• Exercise prompt:
Report every line in the listing that contains the string "both".

• Supplied entries:
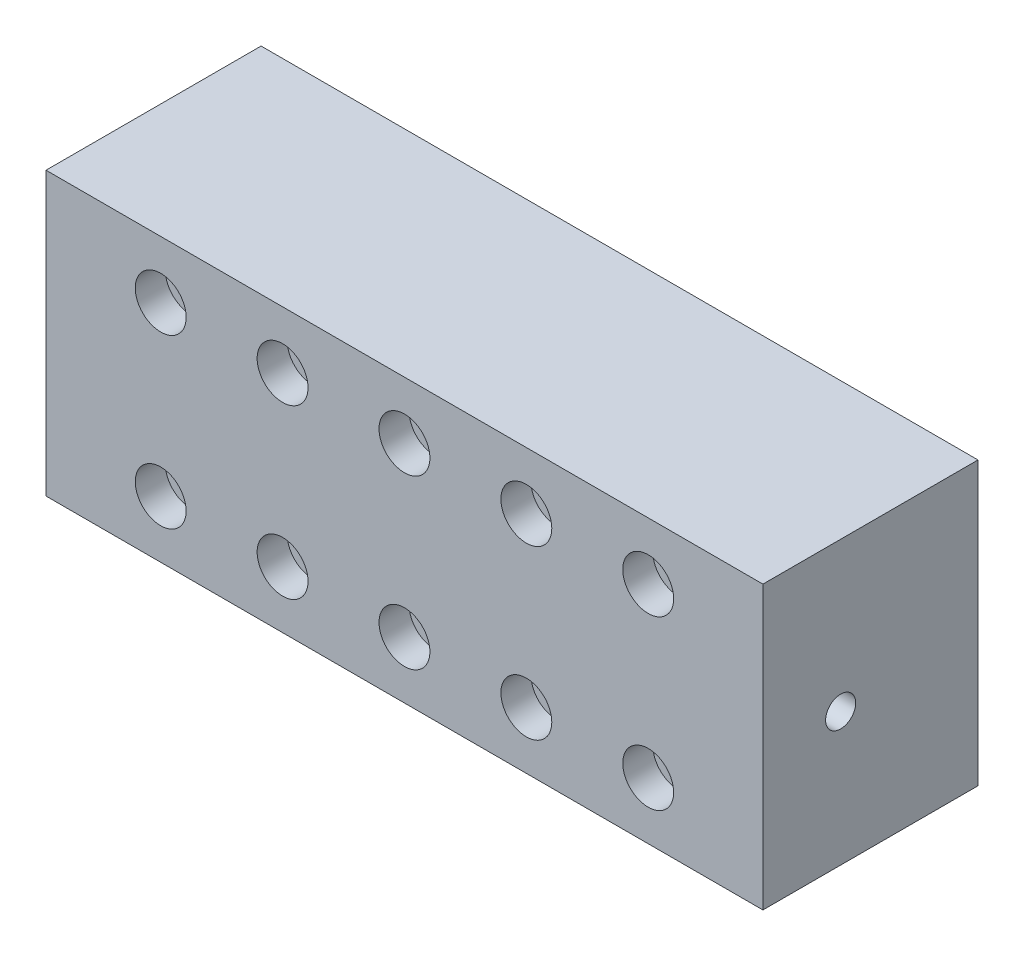
from build123d import *

# Parameters (mm, degrees)
SKIZZE2_W                            = 100
SKIZZE2_H                            = 39.364160046
AUFSATZ_LINEAR_AUSTRAGEN1_DEPTH      = 30
SCHNITT_LINEAR_AUSTRAGEN1_DEPTH      = 40
SCHNITT_LINEAR_AUSTRAGEN1_DEPTH_BACK = 40
SKIZZE10_R                           = 5
SKIZZE17_R                           = 1.55
SCHNITT_LINEAR_AUSTRAGEN2_DEPTH      = 9.1
SKIZZE24_R                           = 2.05
SCHNITT_LINEAR_AUSTRAGEN4_DEPTH      = 112.577493681
SKIZZE41_R                           = 3.55
SCHNITT_LINEAR_AUSTRAGEN11_DEPTH     = 4.2
LINEARES_MUSTER5_COUNT               = 5
LINEARES_MUSTER5_PITCH               = 17
SPIEGELN9_COPY_1_SKETCH_R            = 3.55
SPIEGELN9_COPY_1_DEPTH               = 4.2
SPIEGELN9_COPY_2_SKETCH_R            = 3.55
SPIEGELN9_COPY_2_DEPTH               = 4.2
SPIEGELN9_COPY_3_SKETCH_R            = 3.55
SPIEGELN9_COPY_3_DEPTH               = 4.2
SPIEGELN9_COPY_4_SKETCH_R            = 3.55
SPIEGELN9_COPY_4_DEPTH               = 4.2
SPIEGELN9_COPY_5_SKETCH_R            = 3.55
SPIEGELN9_COPY_5_DEPTH               = 4.2
SKIZZE28_W                           = 7.1
SKIZZE28_H                           = 3.3
SCHNITT_LINEAR_AUSTRAGEN5_DEPTH      = 7.96
SCHNITT_LINEAR_AUSTRAGEN8_DEPTH      = 1.65
LINEARES_MUSTER3_COUNT               = 5
LINEARES_MUSTER3_PITCH               = 17
LINEARES_MUSTER4_COUNT               = 5
LINEARES_MUSTER4_PITCH               = 17
SPIEGELN7_COPY_1_DEPTH               = 1.65
SPIEGELN7_COPY_2_DEPTH               = 1.65
SPIEGELN7_COPY_3_DEPTH               = 1.65
SPIEGELN7_COPY_4_DEPTH               = 1.65
SPIEGELN7_COPY_5_DEPTH               = 1.65
SPIEGELN8_COPY_1_SKETCH_W            = 7.1
SPIEGELN8_COPY_1_SKETCH_H            = 3.3
SPIEGELN8_COPY_1_DEPTH               = 7.96
SPIEGELN8_COPY_2_SKETCH_W            = 7.1
SPIEGELN8_COPY_2_SKETCH_H            = 3.3
SPIEGELN8_COPY_2_DEPTH               = 7.96
SPIEGELN8_COPY_3_SKETCH_W            = 7.1
SPIEGELN8_COPY_3_SKETCH_H            = 3.3
SPIEGELN8_COPY_3_DEPTH               = 7.96
SPIEGELN8_COPY_4_SKETCH_W            = 7.1
SPIEGELN8_COPY_4_SKETCH_H            = 3.3
SPIEGELN8_COPY_4_DEPTH               = 7.96
SPIEGELN8_COPY_5_SKETCH_W            = 7.1
SPIEGELN8_COPY_5_SKETCH_H            = 3.3
SPIEGELN8_COPY_5_DEPTH               = 7.96
SKIZZE37_R                           = 0.5
SCHNITT_LINEAR_AUSTRAGEN9_DEPTH      = 112.577493681
SKIZZE40_R                           = 2.1
SCHNITT_LINEAR_AUSTRAGEN10_DEPTH     = 6


with BuildPart() as part:
    # Skizze2 → Aufsatz-Linear austragen1 (new body)
    with BuildSketch(Plane.XY):
        with Locations((50, 19.682080023)):
            Rectangle(SKIZZE2_W, SKIZZE2_H)
    extrude(amount=AUFSATZ_LINEAR_AUSTRAGEN1_DEPTH)

    # Skizze10 → Schnitt-Linear austragen1 (cut, two sides: drawn at the far end of the back side and taken through both)
    with BuildSketch(Plane.ZY.offset(-50).offset(-SCHNITT_LINEAR_AUSTRAGEN1_DEPTH_BACK)):
        with Locations((14.945770016, 20.027045739)):
            Circle(SKIZZE10_R)
    extrude(amount=SCHNITT_LINEAR_AUSTRAGEN1_DEPTH + SCHNITT_LINEAR_AUSTRAGEN1_DEPTH_BACK, mode=Mode.SUBTRACT)

    # Skizze17 → Schnitt-Linear austragen2 (cut)
    with BuildSketch(Plane.ZY.offset(-90)):
        with Locations((14.945770016, 20.027045739)):
            Circle(SKIZZE17_R)
    schnitt_linear_austragen2 = extrude(amount=-SCHNITT_LINEAR_AUSTRAGEN2_DEPTH, mode=Mode.SUBTRACT)

    # Spiegeln1: Schnitt-Linear austragen2 across plane
    add(schnitt_linear_austragen2.mirror(Plane.ZY.offset(-50)), mode=Mode.SUBTRACT)

    # Skizze24 → Schnitt-Linear austragen4 (cut, through all)
    with BuildSketch(Plane.XY.offset(30)):
        with Locations((16, 31.364160046)):
            Circle(SKIZZE24_R)
        with Locations((33, 31.364160046)):
            Circle(SKIZZE24_R)
        with Locations((50, 31.364160046)):
            Circle(SKIZZE24_R)
        with Locations((67, 31.364160046)):
            Circle(SKIZZE24_R)
        with Locations((84, 31.364160046)):
            Circle(SKIZZE24_R)
    schnitt_linear_austragen4 = extrude(amount=-SCHNITT_LINEAR_AUSTRAGEN4_DEPTH, mode=Mode.SUBTRACT)

    # Spiegeln4: Schnitt-Linear austragen4 across plane
    add(schnitt_linear_austragen4.mirror(Plane.ZX.offset(19.664160046)), mode=Mode.SUBTRACT)

    # Skizze41 → Schnitt-Linear austragen11 (cut)
    with BuildSketch(Plane.XY.offset(30)):
        with Locations((16, 31.364160046)):
            Circle(SKIZZE41_R)
    schnitt_linear_austragen11 = extrude(amount=-SCHNITT_LINEAR_AUSTRAGEN11_DEPTH, mode=Mode.SUBTRACT)

    # Lineares Muster5: Schnitt-Linear austragen11 ×5
    with Locations(*[(i * LINEARES_MUSTER5_PITCH, 0, 0) for i in range(1, LINEARES_MUSTER5_COUNT)]):
        add(schnitt_linear_austragen11, mode=Mode.SUBTRACT)

    # Spiegeln9 copy 1 sketch → Spiegeln9 copy 1 (cut)
    with BuildSketch(Plane(origin=(17, 39.328320093, 30), x_dir=(1, 0, 0), z_dir=(0, 0, 1))):
        with Locations((16, -31.364160046)):
            Circle(SPIEGELN9_COPY_1_SKETCH_R)
    extrude(amount=-SPIEGELN9_COPY_1_DEPTH, mode=Mode.SUBTRACT)

    # Spiegeln9 copy 2 sketch → Spiegeln9 copy 2 (cut)
    with BuildSketch(Plane(origin=(34, 39.328320093, 30), x_dir=(1, 0, 0), z_dir=(0, 0, 1))):
        with Locations((16, -31.364160046)):
            Circle(SPIEGELN9_COPY_2_SKETCH_R)
    extrude(amount=-SPIEGELN9_COPY_2_DEPTH, mode=Mode.SUBTRACT)

    # Spiegeln9 copy 3 sketch → Spiegeln9 copy 3 (cut)
    with BuildSketch(Plane(origin=(51, 39.328320093, 30), x_dir=(1, 0, 0), z_dir=(0, 0, 1))):
        with Locations((16, -31.364160046)):
            Circle(SPIEGELN9_COPY_3_SKETCH_R)
    extrude(amount=-SPIEGELN9_COPY_3_DEPTH, mode=Mode.SUBTRACT)

    # Spiegeln9 copy 4 sketch → Spiegeln9 copy 4 (cut)
    with BuildSketch(Plane(origin=(68, 39.328320093, 30), x_dir=(1, 0, 0), z_dir=(0, 0, 1))):
        with Locations((16, -31.364160046)):
            Circle(SPIEGELN9_COPY_4_SKETCH_R)
    extrude(amount=-SPIEGELN9_COPY_4_DEPTH, mode=Mode.SUBTRACT)

    # Spiegeln9 copy 5 sketch → Spiegeln9 copy 5 (cut)
    with BuildSketch(Plane(origin=(0, 39.328320093, 30), x_dir=(1, 0, 0), z_dir=(0, 0, 1))):
        with Locations((16, -31.364160046)):
            Circle(SPIEGELN9_COPY_5_SKETCH_R)
    extrude(amount=-SPIEGELN9_COPY_5_DEPTH, mode=Mode.SUBTRACT)

    # Skizze28 → Schnitt-Linear austragen5 (cut)
    with BuildSketch(Plane(origin=(0, 0, 0), x_dir=(-1, 0, 0), z_dir=(0, -1, 0))):
        with Locations((-16, -8.415336397)):
            Rectangle(SKIZZE28_W, SKIZZE28_H)
    schnitt_linear_austragen5 = extrude(amount=-SCHNITT_LINEAR_AUSTRAGEN5_DEPTH, mode=Mode.SUBTRACT)

    # Skizze34 → Schnitt-Linear austragen8 (cut, symmetric)
    with BuildSketch(Plane(origin=(0, 0, 8.4), x_dir=(-1, 0, 0), z_dir=(0, 0, -1))):
        Polygon((-16, 12.005611931), (-19.5, 9.984885989), (-19.5, 5.943434104), (-16, 3.922708162), (-12.5, 5.943434104), (-12.5, 9.984885989), align=None)
    schnitt_linear_austragen8 = extrude(amount=SCHNITT_LINEAR_AUSTRAGEN8_DEPTH, both=True, mode=Mode.SUBTRACT)

    # Lineares Muster3: Schnitt-Linear austragen8 ×5
    with Locations(*[(i * LINEARES_MUSTER3_PITCH, 0, 0) for i in range(1, LINEARES_MUSTER3_COUNT)]):
        add(schnitt_linear_austragen8, mode=Mode.SUBTRACT)

    # Lineares Muster4: Schnitt-Linear austragen5 ×5
    with Locations(*[(i * LINEARES_MUSTER4_PITCH, 0, 0) for i in range(1, LINEARES_MUSTER4_COUNT)]):
        add(schnitt_linear_austragen5, mode=Mode.SUBTRACT)

    # Spiegeln6: Schnitt-Linear austragen8 across plane
    add(schnitt_linear_austragen8.mirror(Plane.ZX.offset(19.664160046)), mode=Mode.SUBTRACT)

    # Spiegeln7 copy 1 sketch → Spiegeln7 copy 1 (cut, symmetric)
    with BuildSketch(Plane(origin=(17, 39.328320093, 8.4), x_dir=(-1, 0, 0), z_dir=(0, 0, -1))):
        Polygon((-16, -12.005611931), (-19.5, -9.984885989), (-19.5, -5.943434104), (-16, -3.922708162), (-12.5, -5.943434104), (-12.5, -9.984885989), align=None)
    extrude(amount=SPIEGELN7_COPY_1_DEPTH, both=True, mode=Mode.SUBTRACT)

    # Spiegeln7 copy 2 sketch → Spiegeln7 copy 2 (cut, symmetric)
    with BuildSketch(Plane(origin=(34, 39.328320093, 8.4), x_dir=(-1, 0, 0), z_dir=(0, 0, -1))):
        Polygon((-16, -12.005611931), (-19.5, -9.984885989), (-19.5, -5.943434104), (-16, -3.922708162), (-12.5, -5.943434104), (-12.5, -9.984885989), align=None)
    extrude(amount=SPIEGELN7_COPY_2_DEPTH, both=True, mode=Mode.SUBTRACT)

    # Spiegeln7 copy 3 sketch → Spiegeln7 copy 3 (cut, symmetric)
    with BuildSketch(Plane(origin=(51, 39.328320093, 8.4), x_dir=(-1, 0, 0), z_dir=(0, 0, -1))):
        Polygon((-16, -12.005611931), (-19.5, -9.984885989), (-19.5, -5.943434104), (-16, -3.922708162), (-12.5, -5.943434104), (-12.5, -9.984885989), align=None)
    extrude(amount=SPIEGELN7_COPY_3_DEPTH, both=True, mode=Mode.SUBTRACT)

    # Spiegeln7 copy 4 sketch → Spiegeln7 copy 4 (cut, symmetric)
    with BuildSketch(Plane(origin=(68, 39.328320093, 8.4), x_dir=(-1, 0, 0), z_dir=(0, 0, -1))):
        Polygon((-16, -12.005611931), (-19.5, -9.984885989), (-19.5, -5.943434104), (-16, -3.922708162), (-12.5, -5.943434104), (-12.5, -9.984885989), align=None)
    extrude(amount=SPIEGELN7_COPY_4_DEPTH, both=True, mode=Mode.SUBTRACT)

    # Spiegeln7 copy 5 sketch → Spiegeln7 copy 5 (cut, symmetric)
    with BuildSketch(Plane(origin=(0, 39.328320093, 8.4), x_dir=(-1, 0, 0), z_dir=(0, 0, -1))):
        Polygon((-16, -12.005611931), (-19.5, -9.984885989), (-19.5, -5.943434104), (-16, -3.922708162), (-12.5, -5.943434104), (-12.5, -9.984885989), align=None)
    extrude(amount=SPIEGELN7_COPY_5_DEPTH, both=True, mode=Mode.SUBTRACT)

    # Spiegeln8 copy 1 sketch → Spiegeln8 copy 1 (cut)
    with BuildSketch(Plane(origin=(17, 39.328320093, 0), x_dir=(-1, 0, 0), z_dir=(0, 1, 0))):
        with Locations((-16, 8.415336397)):
            Rectangle(SPIEGELN8_COPY_1_SKETCH_W, SPIEGELN8_COPY_1_SKETCH_H)
    extrude(amount=-SPIEGELN8_COPY_1_DEPTH, mode=Mode.SUBTRACT)

    # Spiegeln8 copy 2 sketch → Spiegeln8 copy 2 (cut)
    with BuildSketch(Plane(origin=(34, 39.328320093, 0), x_dir=(-1, 0, 0), z_dir=(0, 1, 0))):
        with Locations((-16, 8.415336397)):
            Rectangle(SPIEGELN8_COPY_2_SKETCH_W, SPIEGELN8_COPY_2_SKETCH_H)
    extrude(amount=-SPIEGELN8_COPY_2_DEPTH, mode=Mode.SUBTRACT)

    # Spiegeln8 copy 3 sketch → Spiegeln8 copy 3 (cut)
    with BuildSketch(Plane(origin=(51, 39.328320093, 0), x_dir=(-1, 0, 0), z_dir=(0, 1, 0))):
        with Locations((-16, 8.415336397)):
            Rectangle(SPIEGELN8_COPY_3_SKETCH_W, SPIEGELN8_COPY_3_SKETCH_H)
    extrude(amount=-SPIEGELN8_COPY_3_DEPTH, mode=Mode.SUBTRACT)

    # Spiegeln8 copy 4 sketch → Spiegeln8 copy 4 (cut)
    with BuildSketch(Plane(origin=(68, 39.328320093, 0), x_dir=(-1, 0, 0), z_dir=(0, 1, 0))):
        with Locations((-16, 8.415336397)):
            Rectangle(SPIEGELN8_COPY_4_SKETCH_W, SPIEGELN8_COPY_4_SKETCH_H)
    extrude(amount=-SPIEGELN8_COPY_4_DEPTH, mode=Mode.SUBTRACT)

    # Spiegeln8 copy 5 sketch → Spiegeln8 copy 5 (cut)
    with BuildSketch(Plane(origin=(0, 39.328320093, 0), x_dir=(-1, 0, 0), z_dir=(0, 1, 0))):
        with Locations((-16, 8.415336397)):
            Rectangle(SPIEGELN8_COPY_5_SKETCH_W, SPIEGELN8_COPY_5_SKETCH_H)
    extrude(amount=-SPIEGELN8_COPY_5_DEPTH, mode=Mode.SUBTRACT)

    # Skizze37 → Schnitt-Linear austragen9 (cut, through all)
    with BuildSketch(Plane(origin=(100, 0, 0), x_dir=(0, 0, -1), z_dir=(1, 0, 0))):
        with Locations((-19.158756707, 18.550923217)):
            Circle(SKIZZE37_R)
    extrude(amount=-SCHNITT_LINEAR_AUSTRAGEN9_DEPTH, mode=Mode.SUBTRACT)

    # Skizze40 → Schnitt-Linear austragen10 (cut)
    with BuildSketch(Plane(origin=(100, 0, 0), x_dir=(0, 0, -1), z_dir=(1, 0, 0))):
        with Locations((-19.158756707, 18.550923217)):
            Circle(SKIZZE40_R)
    extrude(amount=-SCHNITT_LINEAR_AUSTRAGEN10_DEPTH, mode=Mode.SUBTRACT)


solid = part.part

• Expected output:
    # Skizze10 → Schnitt-Linear austragen1 (cut, two sides: drawn at the far end of the back side and taken through both)
    schnitt_linear_austragen8 = extrude(amount=SCHNITT_LINEAR_AUSTRAGEN8_DEPTH, both=True, mode=Mode.SUBTRACT)
    extrude(amount=SPIEGELN7_COPY_1_DEPTH, both=True, mode=Mode.SUBTRACT)
    extrude(amount=SPIEGELN7_COPY_2_DEPTH, both=True, mode=Mode.SUBTRACT)
    extrude(amount=SPIEGELN7_COPY_3_DEPTH, both=True, mode=Mode.SUBTRACT)
    extrude(amount=SPIEGELN7_COPY_4_DEPTH, both=True, mode=Mode.SUBTRACT)
    extrude(amount=SPIEGELN7_COPY_5_DEPTH, both=True, mode=Mode.SUBTRACT)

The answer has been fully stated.